Soweit der Zwischenstand.

----------

## UTgamer

So ganz finde ich diese Hauptplatinenversion nicht bei MSI, ich vermute mal du hast diese http://www.msi-computer.de/produkte/main_idx_view.php?Prod_id=581

Dann gehe ich jetzt auch einmal davon aus das du dein Gentoo bereits installiert hast, oder bist du noch bei der Start-CD?

Du sagst das Netzwerk läuft eine Zeit lang und dann nicht mehr, sollte dies von der boot-CD aus sein dann starte mit den Kernel-Grubparametern noacpi.

Ist dies jetzt aber auf einem installierten System der Fall, hilft es das Realtek Netzwerkkartenmodul mit einer Parameterübergabe (die ich nicht kenne) in RC zu starten so das der Energiesparmodus nicht für die Netzwerkkarte greift.

Ich kenne den Fall das einige Karten (Chips) im System von Windows in einen Energiesparmodus geschickt werden welcher in einem Dualbootsystem mit Windows zusammen auf der gleichen HW betrieben wird. Windows schreibt einige temporäre Parameter ins BIOS, die der Linux-Kernel nicht sauber interpretieren kann. Solltest du also erst Windows starten und später Linux treten solche Fehler häufiger auf.
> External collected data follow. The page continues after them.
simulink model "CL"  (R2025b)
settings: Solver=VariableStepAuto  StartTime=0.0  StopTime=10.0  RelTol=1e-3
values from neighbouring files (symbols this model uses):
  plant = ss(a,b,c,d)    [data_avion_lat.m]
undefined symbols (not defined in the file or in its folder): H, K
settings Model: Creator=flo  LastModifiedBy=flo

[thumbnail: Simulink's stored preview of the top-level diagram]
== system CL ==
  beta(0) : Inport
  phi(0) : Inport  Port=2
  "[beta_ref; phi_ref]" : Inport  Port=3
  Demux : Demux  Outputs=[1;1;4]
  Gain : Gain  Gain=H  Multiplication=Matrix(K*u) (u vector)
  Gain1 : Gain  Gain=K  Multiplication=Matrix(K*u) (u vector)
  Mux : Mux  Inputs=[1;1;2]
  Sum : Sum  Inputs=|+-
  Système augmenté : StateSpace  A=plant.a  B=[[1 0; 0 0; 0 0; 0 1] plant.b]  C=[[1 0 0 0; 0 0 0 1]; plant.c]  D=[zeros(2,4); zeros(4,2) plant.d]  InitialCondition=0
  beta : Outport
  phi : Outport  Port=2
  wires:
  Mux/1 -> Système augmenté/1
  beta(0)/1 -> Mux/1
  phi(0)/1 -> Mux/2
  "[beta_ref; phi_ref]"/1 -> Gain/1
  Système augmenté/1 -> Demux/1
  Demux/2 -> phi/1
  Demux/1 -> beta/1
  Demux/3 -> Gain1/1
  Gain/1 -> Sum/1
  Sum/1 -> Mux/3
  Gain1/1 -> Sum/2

Abhilfe schafft hier nur ein löschen der von Windows gesetzten Parameter durch richtiges ausschalten des Rechners, dann ein wenig warten (~30 Sek.), einschalten um jetzt erst Linux zu starten. Das gleiche passiert häufiger mit Soundkarten.

Zudem, welche Kernelversion verwendest du auf dem installierten System, nimm nicht 2.6.22 der ist richtig fehlerhaft!

----------

## Macrobiotus

Hi! Nee, ich hab nur das hier: 

http://msi-computer.de/produkte/main_idx_view.php?Prod_id=679

Momentan sieht es aber so gut aus, dass ich sogar schon die WLan-Karte zum Laufen bekommen habe.

Nach einigem hin und her im Bios und Installation der Realtek-Treiber für das eingebaute Netzwerk scheint es hier zu laufen   :Very Happy: 

Allerdings sind ca. 1 1/2 Tage  und  ein paar (nicht nur meine) Nerven dafür draufgegangen.

Achja: ich nutze 2.6.21-gentoo-r4

----------

## tuxianer

Hi,

mal überlegt dir crossdev zuzulegen, dann baust du dir einen 64bit Kernel und ein 32bit System. Der Clou, das System arbeitet einwandfrei, und dein Kernel ist auf 64bit angepasst so hast du optimale Laufleistung.

MfG

----------

## Macrobiotus

Neenee, erstmal ein stabiles System, und dann baue ich ein extra 64-bit-System. 250GB-Festplatte sei Dank  :Laughing: 

----------